What needs to be done: Repeat exactly, and only, the lines below starting at the line that contains "csu_tlm_telemetry : csu_tlm_telemetry_lib/csu_tlm_telemetry" and ending at the line that contains "cfe_tlm_header_align/1 -> Bus", inclusive of both.

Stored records
________________________________________

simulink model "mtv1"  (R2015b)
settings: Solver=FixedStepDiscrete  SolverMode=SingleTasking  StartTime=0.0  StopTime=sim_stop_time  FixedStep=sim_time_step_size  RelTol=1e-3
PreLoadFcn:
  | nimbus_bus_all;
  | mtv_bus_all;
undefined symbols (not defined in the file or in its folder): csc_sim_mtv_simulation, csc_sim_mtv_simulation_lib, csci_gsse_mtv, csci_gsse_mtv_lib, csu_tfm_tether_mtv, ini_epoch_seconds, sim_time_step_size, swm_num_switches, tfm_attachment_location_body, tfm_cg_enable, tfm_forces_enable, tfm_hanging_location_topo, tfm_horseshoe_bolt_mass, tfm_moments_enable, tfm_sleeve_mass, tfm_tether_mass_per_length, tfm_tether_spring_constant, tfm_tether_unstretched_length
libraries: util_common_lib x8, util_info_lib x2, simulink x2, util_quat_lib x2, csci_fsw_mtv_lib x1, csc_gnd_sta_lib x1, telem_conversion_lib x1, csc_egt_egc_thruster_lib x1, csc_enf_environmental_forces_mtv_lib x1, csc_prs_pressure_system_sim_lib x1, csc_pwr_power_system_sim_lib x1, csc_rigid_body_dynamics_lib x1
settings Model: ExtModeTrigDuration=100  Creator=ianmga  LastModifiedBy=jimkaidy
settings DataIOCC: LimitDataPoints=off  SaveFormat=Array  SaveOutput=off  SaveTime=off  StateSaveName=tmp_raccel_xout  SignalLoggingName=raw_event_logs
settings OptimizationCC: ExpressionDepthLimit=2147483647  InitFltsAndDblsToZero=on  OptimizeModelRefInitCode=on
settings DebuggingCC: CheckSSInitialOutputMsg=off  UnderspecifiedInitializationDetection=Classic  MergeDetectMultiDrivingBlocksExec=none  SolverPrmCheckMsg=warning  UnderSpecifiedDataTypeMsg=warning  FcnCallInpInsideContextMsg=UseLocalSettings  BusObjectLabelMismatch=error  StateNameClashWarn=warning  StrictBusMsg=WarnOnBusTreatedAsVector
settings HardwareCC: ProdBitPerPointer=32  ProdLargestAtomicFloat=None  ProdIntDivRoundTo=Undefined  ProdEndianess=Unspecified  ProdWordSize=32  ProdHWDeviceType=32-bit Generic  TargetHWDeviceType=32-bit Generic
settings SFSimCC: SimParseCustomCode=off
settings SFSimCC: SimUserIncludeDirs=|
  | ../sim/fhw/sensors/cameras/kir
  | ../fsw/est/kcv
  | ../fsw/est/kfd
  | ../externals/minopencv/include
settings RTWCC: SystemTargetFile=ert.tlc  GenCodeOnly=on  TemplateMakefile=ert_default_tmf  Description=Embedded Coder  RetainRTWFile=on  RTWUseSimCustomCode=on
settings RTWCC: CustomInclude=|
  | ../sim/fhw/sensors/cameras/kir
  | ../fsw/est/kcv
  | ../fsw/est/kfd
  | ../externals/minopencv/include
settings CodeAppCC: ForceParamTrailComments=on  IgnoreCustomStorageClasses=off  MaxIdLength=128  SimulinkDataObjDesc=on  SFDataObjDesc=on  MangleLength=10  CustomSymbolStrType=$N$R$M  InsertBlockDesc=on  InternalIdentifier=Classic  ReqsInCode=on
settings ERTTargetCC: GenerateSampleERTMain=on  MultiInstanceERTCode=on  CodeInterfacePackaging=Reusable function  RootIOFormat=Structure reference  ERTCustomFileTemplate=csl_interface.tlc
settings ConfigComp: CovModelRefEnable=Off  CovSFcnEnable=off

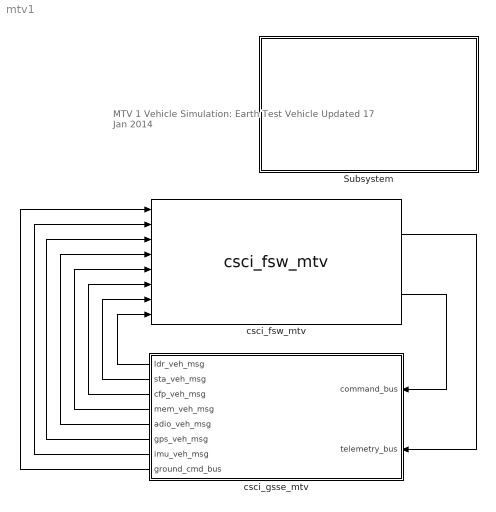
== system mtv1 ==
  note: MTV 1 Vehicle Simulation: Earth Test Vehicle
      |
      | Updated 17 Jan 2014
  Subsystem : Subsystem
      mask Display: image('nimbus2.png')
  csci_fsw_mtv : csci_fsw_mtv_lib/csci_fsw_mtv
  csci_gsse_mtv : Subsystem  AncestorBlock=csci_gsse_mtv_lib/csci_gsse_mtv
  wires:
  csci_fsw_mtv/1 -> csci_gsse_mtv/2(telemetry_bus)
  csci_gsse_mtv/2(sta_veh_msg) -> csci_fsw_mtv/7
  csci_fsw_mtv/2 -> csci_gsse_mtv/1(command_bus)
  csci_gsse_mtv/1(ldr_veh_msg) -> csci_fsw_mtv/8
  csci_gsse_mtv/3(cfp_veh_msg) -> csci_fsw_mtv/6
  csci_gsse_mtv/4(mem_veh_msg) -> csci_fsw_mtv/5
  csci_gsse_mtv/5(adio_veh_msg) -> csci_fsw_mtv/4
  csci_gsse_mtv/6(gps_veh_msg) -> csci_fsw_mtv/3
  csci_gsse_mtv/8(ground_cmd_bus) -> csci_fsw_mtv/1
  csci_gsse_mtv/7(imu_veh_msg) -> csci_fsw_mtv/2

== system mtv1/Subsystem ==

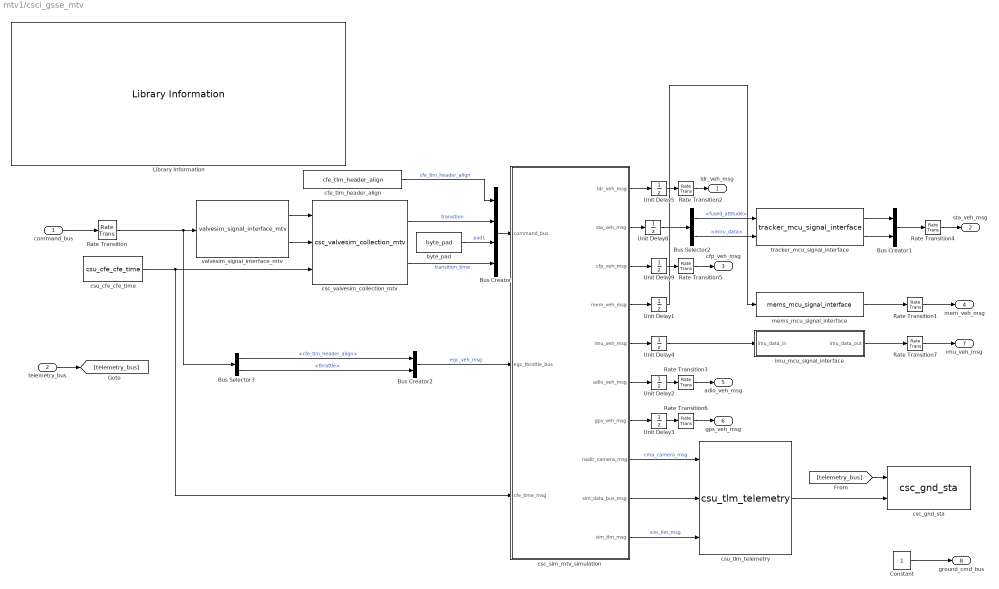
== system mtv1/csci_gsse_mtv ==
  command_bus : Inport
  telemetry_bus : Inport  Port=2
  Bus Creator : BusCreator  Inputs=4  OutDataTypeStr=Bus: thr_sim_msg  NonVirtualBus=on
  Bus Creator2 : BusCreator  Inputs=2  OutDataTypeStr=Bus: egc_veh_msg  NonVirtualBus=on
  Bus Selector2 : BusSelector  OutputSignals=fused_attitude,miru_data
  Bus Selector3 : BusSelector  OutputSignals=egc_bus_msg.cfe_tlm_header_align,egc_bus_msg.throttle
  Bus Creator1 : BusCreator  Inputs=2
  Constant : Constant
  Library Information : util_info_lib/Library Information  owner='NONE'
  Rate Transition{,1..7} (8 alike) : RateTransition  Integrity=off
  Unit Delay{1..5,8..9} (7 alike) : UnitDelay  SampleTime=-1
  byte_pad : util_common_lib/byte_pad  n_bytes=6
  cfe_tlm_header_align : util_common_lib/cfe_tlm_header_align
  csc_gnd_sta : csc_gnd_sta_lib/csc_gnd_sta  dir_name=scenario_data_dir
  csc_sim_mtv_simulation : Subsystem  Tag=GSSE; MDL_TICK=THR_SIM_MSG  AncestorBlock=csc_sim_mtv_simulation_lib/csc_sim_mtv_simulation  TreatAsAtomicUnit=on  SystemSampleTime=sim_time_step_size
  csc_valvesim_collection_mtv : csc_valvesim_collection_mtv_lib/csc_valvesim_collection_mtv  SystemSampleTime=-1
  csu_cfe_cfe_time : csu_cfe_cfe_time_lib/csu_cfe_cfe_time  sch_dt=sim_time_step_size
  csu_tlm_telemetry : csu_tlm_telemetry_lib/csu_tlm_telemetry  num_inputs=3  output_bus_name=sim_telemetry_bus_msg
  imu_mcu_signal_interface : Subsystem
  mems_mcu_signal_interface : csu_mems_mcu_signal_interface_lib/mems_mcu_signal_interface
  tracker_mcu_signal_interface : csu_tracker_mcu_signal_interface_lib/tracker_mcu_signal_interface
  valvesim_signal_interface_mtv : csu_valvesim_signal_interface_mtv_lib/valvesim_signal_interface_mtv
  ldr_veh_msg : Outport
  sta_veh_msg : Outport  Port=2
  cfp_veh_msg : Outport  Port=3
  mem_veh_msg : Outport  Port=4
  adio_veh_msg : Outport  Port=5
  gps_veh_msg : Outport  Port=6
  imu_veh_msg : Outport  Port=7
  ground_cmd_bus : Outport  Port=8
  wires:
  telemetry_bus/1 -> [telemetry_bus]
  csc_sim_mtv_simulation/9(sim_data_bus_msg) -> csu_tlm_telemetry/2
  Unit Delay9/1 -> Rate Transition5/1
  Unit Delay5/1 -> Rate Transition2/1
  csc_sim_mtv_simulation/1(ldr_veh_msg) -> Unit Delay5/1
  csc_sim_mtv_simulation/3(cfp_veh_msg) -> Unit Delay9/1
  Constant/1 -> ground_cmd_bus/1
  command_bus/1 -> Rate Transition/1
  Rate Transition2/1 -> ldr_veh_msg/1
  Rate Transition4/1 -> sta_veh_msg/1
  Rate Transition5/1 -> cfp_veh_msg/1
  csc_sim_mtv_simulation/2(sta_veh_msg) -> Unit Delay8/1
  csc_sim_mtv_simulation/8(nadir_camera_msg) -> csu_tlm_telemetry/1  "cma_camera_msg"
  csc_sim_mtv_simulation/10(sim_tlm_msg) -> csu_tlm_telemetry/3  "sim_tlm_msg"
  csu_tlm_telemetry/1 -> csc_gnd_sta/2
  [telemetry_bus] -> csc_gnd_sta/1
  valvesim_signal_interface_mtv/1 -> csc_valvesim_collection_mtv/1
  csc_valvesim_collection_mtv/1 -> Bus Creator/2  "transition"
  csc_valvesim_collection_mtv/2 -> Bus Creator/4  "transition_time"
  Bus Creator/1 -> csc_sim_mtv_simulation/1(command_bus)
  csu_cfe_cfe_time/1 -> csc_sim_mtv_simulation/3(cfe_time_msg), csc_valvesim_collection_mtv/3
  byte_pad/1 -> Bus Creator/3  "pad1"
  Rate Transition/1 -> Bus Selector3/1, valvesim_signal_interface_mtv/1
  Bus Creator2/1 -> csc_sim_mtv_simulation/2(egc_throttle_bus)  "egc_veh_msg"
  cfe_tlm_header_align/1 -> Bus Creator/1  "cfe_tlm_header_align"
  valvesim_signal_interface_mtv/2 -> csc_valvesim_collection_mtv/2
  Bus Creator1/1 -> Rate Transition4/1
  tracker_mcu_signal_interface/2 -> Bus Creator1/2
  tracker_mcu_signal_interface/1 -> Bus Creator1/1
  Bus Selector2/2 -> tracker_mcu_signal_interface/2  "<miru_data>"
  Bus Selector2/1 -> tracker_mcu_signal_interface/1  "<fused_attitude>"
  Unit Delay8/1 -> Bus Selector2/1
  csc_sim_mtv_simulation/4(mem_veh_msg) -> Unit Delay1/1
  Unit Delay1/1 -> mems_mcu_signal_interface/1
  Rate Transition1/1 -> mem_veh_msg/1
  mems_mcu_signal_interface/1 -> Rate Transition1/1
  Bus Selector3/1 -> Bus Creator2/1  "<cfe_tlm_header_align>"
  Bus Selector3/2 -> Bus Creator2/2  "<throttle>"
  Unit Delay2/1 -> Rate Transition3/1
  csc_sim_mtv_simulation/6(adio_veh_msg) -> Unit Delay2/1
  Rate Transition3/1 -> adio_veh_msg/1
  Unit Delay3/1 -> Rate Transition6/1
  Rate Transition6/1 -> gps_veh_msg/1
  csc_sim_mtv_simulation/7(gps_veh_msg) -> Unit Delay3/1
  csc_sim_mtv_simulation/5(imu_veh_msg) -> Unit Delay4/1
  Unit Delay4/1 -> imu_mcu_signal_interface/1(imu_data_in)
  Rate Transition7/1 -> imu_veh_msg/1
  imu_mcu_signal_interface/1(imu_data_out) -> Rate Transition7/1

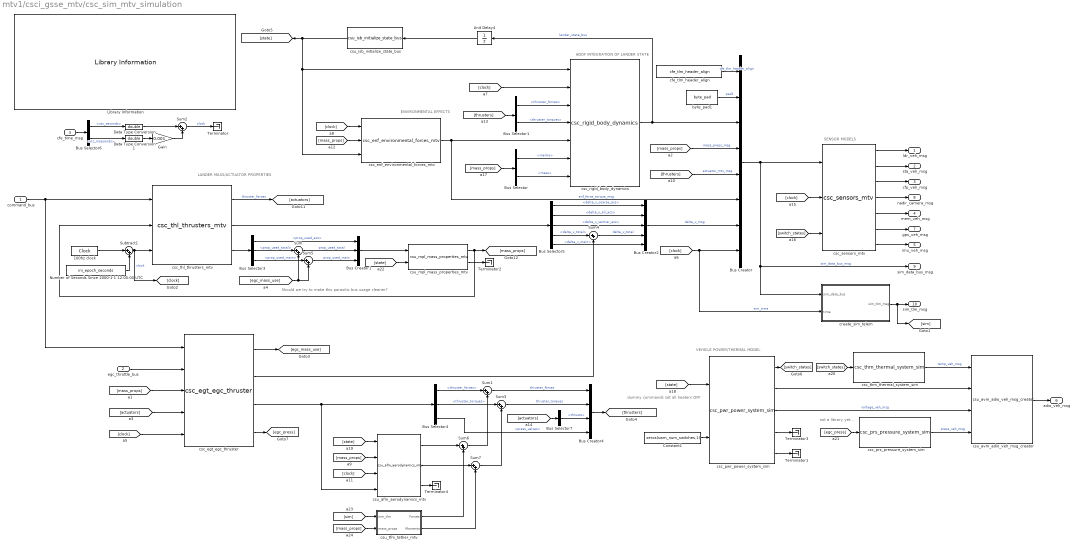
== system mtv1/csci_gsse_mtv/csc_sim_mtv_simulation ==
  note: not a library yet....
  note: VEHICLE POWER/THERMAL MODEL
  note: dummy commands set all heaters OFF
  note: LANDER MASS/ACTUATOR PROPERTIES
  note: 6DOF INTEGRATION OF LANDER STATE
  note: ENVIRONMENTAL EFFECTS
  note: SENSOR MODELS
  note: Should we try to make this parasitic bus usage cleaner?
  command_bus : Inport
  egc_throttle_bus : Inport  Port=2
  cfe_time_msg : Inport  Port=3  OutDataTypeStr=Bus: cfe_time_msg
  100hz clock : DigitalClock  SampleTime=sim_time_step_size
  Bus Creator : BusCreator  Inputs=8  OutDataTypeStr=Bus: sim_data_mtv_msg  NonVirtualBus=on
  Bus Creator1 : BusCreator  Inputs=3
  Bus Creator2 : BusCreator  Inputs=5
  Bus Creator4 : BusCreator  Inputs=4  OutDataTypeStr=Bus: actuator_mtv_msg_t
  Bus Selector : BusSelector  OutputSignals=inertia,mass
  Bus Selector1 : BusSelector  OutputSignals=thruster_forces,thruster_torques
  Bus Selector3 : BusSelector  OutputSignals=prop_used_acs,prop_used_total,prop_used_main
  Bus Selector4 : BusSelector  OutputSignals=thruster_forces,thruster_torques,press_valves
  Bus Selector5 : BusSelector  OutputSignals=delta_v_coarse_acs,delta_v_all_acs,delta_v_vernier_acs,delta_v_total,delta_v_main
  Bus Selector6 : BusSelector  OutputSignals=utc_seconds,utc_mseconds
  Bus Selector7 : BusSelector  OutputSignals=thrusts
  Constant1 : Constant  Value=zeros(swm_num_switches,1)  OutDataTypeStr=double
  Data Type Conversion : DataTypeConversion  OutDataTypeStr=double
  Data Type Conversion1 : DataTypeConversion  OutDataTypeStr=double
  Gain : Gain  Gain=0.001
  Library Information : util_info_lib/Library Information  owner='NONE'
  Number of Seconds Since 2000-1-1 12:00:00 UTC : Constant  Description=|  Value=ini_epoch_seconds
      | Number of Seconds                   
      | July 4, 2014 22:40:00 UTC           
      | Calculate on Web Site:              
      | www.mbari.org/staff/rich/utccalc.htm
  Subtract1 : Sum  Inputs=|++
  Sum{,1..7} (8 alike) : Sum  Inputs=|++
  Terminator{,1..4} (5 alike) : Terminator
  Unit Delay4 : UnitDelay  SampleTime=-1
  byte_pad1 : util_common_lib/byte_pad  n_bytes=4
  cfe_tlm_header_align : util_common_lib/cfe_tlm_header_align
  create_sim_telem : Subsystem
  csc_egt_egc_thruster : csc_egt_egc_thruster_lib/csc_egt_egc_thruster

________________________________________

Task result:
  csu_tlm_telemetry : csu_tlm_telemetry_lib/csu_tlm_telemetry  num_inputs=3  output_bus_name=sim_telemetry_bus_msg
  imu_mcu_signal_interface : Subsystem
  mems_mcu_signal_interface : csu_mems_mcu_signal_interface_lib/mems_mcu_signal_interface
  tracker_mcu_signal_interface : csu_tracker_mcu_signal_interface_lib/tracker_mcu_signal_interface
  valvesim_signal_interface_mtv : csu_valvesim_signal_interface_mtv_lib/valvesim_signal_interface_mtv
  ldr_veh_msg : Outport
  sta_veh_msg : Outport  Port=2
  cfp_veh_msg : Outport  Port=3
  mem_veh_msg : Outport  Port=4
  adio_veh_msg : Outport  Port=5
  gps_veh_msg : Outport  Port=6
  imu_veh_msg : Outport  Port=7
  ground_cmd_bus : Outport  Port=8
  wires:
  telemetry_bus/1 -> [telemetry_bus]
  csc_sim_mtv_simulation/9(sim_data_bus_msg) -> csu_tlm_telemetry/2
  Unit Delay9/1 -> Rate Transition5/1
  Unit Delay5/1 -> Rate Transition2/1
  csc_sim_mtv_simulation/1(ldr_veh_msg) -> Unit Delay5/1
  csc_sim_mtv_simulation/3(cfp_veh_msg) -> Unit Delay9/1
  Constant/1 -> ground_cmd_bus/1
  command_bus/1 -> Rate Transition/1
  Rate Transition2/1 -> ldr_veh_msg/1
  Rate Transition4/1 -> sta_veh_msg/1
  Rate Transition5/1 -> cfp_veh_msg/1
  csc_sim_mtv_simulation/2(sta_veh_msg) -> Unit Delay8/1
  csc_sim_mtv_simulation/8(nadir_camera_msg) -> csu_tlm_telemetry/1  "cma_camera_msg"
  csc_sim_mtv_simulation/10(sim_tlm_msg) -> csu_tlm_telemetry/3  "sim_tlm_msg"
  csu_tlm_telemetry/1 -> csc_gnd_sta/2
  [telemetry_bus] -> csc_gnd_sta/1
  valvesim_signal_interface_mtv/1 -> csc_valvesim_collection_mtv/1
  csc_valvesim_collection_mtv/1 -> Bus Creator/2  "transition"
  csc_valvesim_collection_mtv/2 -> Bus Creator/4  "transition_time"
  Bus Creator/1 -> csc_sim_mtv_simulation/1(command_bus)
  csu_cfe_cfe_time/1 -> csc_sim_mtv_simulation/3(cfe_time_msg), csc_valvesim_collection_mtv/3
  byte_pad/1 -> Bus Creator/3  "pad1"
  Rate Transition/1 -> Bus Selector3/1, valvesim_signal_interface_mtv/1
  Bus Creator2/1 -> csc_sim_mtv_simulation/2(egc_throttle_bus)  "egc_veh_msg"
  cfe_tlm_header_align/1 -> Bus Creator/1  "cfe_tlm_header_align"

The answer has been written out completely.